I need to incorporate more fruit, but I am finding it really difficult. I did buy some grape juice tonight so I can add that. Then I thought of getting some frozen raspberries too.

I thought I would also add in my weekly weigh ins. As of Friday, March 25th, I am 161.4 pounds and 5'8.

Thanks for reading!

Thursday, March 24, 2011

03/23-03/25/2011

Today I brought my first shake to my school day. I had coffee for breakfast at 8 am, and between 9:30am and 10:30 I drank the shake I made last night. I was kept full until 4:30pm! I didn't eat anything! Which is great for school days because I don't have time to eat, so a lot of time I am dying of hunger (and collapsing because I am hypoglycemic) or I am stuffing my face of some quick food that really isn't filling just to keep my blood sugar up (Odwalla bars are a favorite..so good, but not filling!)

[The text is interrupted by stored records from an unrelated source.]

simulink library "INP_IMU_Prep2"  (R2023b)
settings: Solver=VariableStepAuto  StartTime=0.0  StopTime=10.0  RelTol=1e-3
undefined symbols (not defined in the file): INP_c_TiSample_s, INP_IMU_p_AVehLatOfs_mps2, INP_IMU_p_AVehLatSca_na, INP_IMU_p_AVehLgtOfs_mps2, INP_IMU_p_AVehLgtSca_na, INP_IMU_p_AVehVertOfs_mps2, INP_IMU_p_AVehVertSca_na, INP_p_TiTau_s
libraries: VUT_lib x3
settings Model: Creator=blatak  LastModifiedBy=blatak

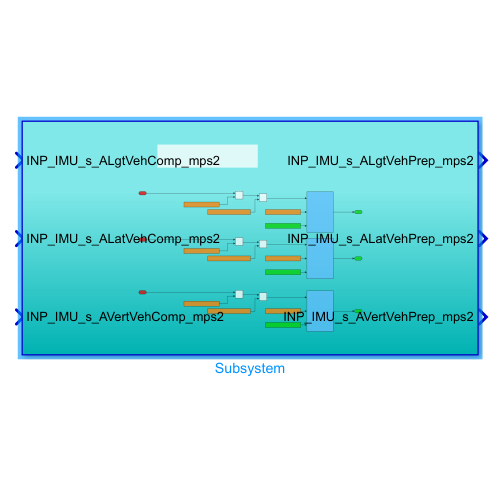
[thumbnail: Simulink's stored preview of the top-level diagram]
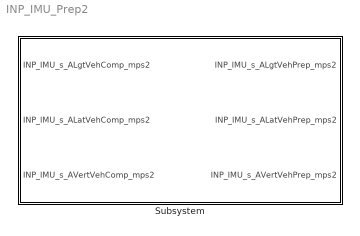
== system INP_IMU_Prep2 ==
  Subsystem : Subsystem  Description=Block transfers the value from electric quantitty to physical one (if needed), afterthat low pass filter is applied.

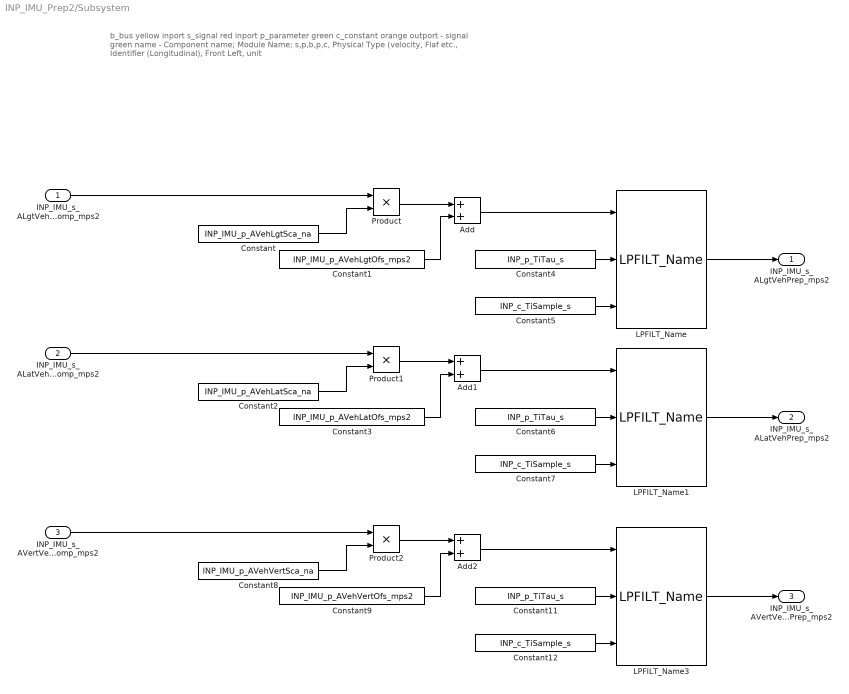
== system INP_IMU_Prep2/Subsystem ==
  note: b_bus yellow inport
      | s_signal red inport
      | p_parameter green
      | c_constant orange
      | outport - signal green
      | name - Component name; Module Name; s,p,b,p,c, Physical Type (velocity, Flaf etc., Identifier (Longitudinal), Front Left, unit
  INP_IMU_s_ALgtVehComp_mps2 : Inport  Description=IMU Comp Longitudinal acceleration - compensated value - from IMU position to cog
  INP_IMU_s_ALatVehComp_mps2 : Inport  Description=IMU Comp Lateral acceleration - compensated value - from IMU position to cog  Port=2
  INP_IMU_s_AVertVehComp_mps2 : Inport  Description=IMU Comp Vertical acceleration - compensated value - from IMU position to cog  Port=3
  Add : Sum
  Add1 : Sum
  Add2 : Sum
  Constant : Constant  Description=Scaling coefficient to recalculate the electric quantity to the physical one - longitudinal acceleration  Value=INP_IMU_p_AVehLgtSca_na
  Constant1 : Constant  Description=Offset to recalculate the electric quantity to the physical one - longitudinal acceleration  Value=INP_IMU_p_AVehLgtOfs_mps2
  Constant11 : Constant  Value=INP_p_TiTau_s
  Constant12 : Constant  Value=INP_c_TiSample_s
  Constant2 : Constant  Description=Scaling coefficient to recalculate the electric quantity to the physical one - lateral acceleration  Value=INP_IMU_p_AVehLatSca_na
  Constant3 : Constant  Description=Offset to recalculate the electric quantity to the physical one - lateral acceleration  Value=INP_IMU_p_AVehLatOfs_mps2
  Constant4 : Constant  Value=INP_p_TiTau_s
  Constant5 : Constant  Value=INP_c_TiSample_s
  Constant6 : Constant  Value=INP_p_TiTau_s
  Constant7 : Constant  Value=INP_c_TiSample_s
  Constant8 : Constant  Description=Scaling coefficient to recalculate the electric quantity to the physical one - vertical acceleration  Value=INP_IMU_p_AVehVertSca_na
  Constant9 : Constant  Description=Offset to recalculate the electric quantity to the physical one - vertical acceleration  Value=INP_IMU_p_AVehVertOfs_mps2
  LPFILT_Name : VUT_lib/LPFILT_Name  SystemSampleTime=-1  VariantActivationTime=update diagram  AllowFlexibleInterface=on  Latency=0  AutoFrameSizeCalculation=off
  LPFILT_Name1 : VUT_lib/LPFILT_Name  SystemSampleTime=-1  VariantActivationTime=update diagram  AllowFlexibleInterface=on  Latency=0  AutoFrameSizeCalculation=off
  LPFILT_Name3 : VUT_lib/LPFILT_Name  SystemSampleTime=-1  VariantActivationTime=update diagram  AllowFlexibleInterface=on  Latency=0  AutoFrameSizeCalculation=off
  Product : Product
  Product1 : Product
  Product2 : Product
  INP_IMU_s_ALgtVehPrep_mps2 : Outport  Description=IMU Prep Longitudinal acceleration - prepared value - scale, offset, filtering
  INP_IMU_s_ALatVehPrep_mps2 : Outport  Description=IMU Prep Lateral acceleration - prepared value - scale, offset, filtering  Port=2
  INP_IMU_s_AVertVehPrep_mps2 : Outport  Description=IMU Prep Vertical acceleration - prepared value - scale, offset, filtering  Port=3
  wires:
  LPFILT_Name3/1 -> INP_IMU_s_AVertVehPrep_mps2/1
  Add/1 -> LPFILT_Name/1
  Product1/1 -> Add1/1
  Product/1 -> Add/1
  Constant8/1 -> Product2/2
  Add1/1 -> LPFILT_Name1/1
  INP_IMU_s_ALatVehComp_mps2/1 -> Product1/1
  Constant/1 -> Product/2
  INP_IMU_s_ALgtVehComp_mps2/1 -> Product/1
  LPFILT_Name/1 -> INP_IMU_s_ALgtVehPrep_mps2/1
  Constant2/1 -> Product1/2
  Constant12/1 -> LPFILT_Name3/3
  Constant3/1 -> Add1/2
  Constant1/1 -> Add/2
  Constant9/1 -> Add2/2
  Product2/1 -> Add2/1
  LPFILT_Name1/1 -> INP_IMU_s_ALatVehPrep_mps2/1
  INP_IMU_s_AVertVehComp_mps2/1 -> Product2/1
  Constant11/1 -> LPFILT_Name3/2
  Constant6/1 -> LPFILT_Name1/2
  Constant5/1 -> LPFILT_Name/3
  Add2/1 -> LPFILT_Name3/1
  Constant7/1 -> LPFILT_Name1/3
  Constant4/1 -> LPFILT_Name/2

Tomorrow is just a work day, where I do get the chance to eat regularly, so we will see how it goes.

I am also inc operating fresh, raw greens every night for dinner. I had steamed broccoli tonight (along with fried eggplant, still a vegetable right? lol)

I am going to try really hard to have raw greens during lunch as well but until I can get to a farmer's market and get quality vegetables for a reasonable price.

Tomorrows (3/25) shake:
4 cups of spring mix dark greens
2 cups of mixed frozen fruit (peaches, pineapple, mango, strawberries)
1/2 of a banana
1 cup of light cranberry juice
2 tablespoons of flax seed
1 scoop of whey protein

 I wanted a vegetable packed smoothie, so I added twice as much greens. To contrast the greens, I used a lighter mix than just one type of dark green. Then I added really sweet fruit, which is bought in a mix already. 1/2 of a banana for thickness, since my last shake was too thick.

The color is a weird one..not quite green, but a green-grey. But it tastes amazing! So sweet! Yesterday's shake tasted like banana, but this one you can really taste the sweet fruit.

Wednesday, March 23, 2011

03/23-03/24/2011

Shake #1
2 cups of Spinach
1 cup of blackberries (frozen)
1 cup of blueberries (frozen)
1 large banana
1/2 cup of diet cranberry juice
2 tablespoons of Flax Seed
1 scoop of Whey Powder

This shake is pretty delicious! For a "Green" shake, it is pretty blue! It is also a bit thick, I think because I used a very large banana. But it is really filling...I had a small glass after dinner and I feel like I ate 3 pizzas! Can't wait to bring it school tomorrow to see how much energy it gives me and how filling it is.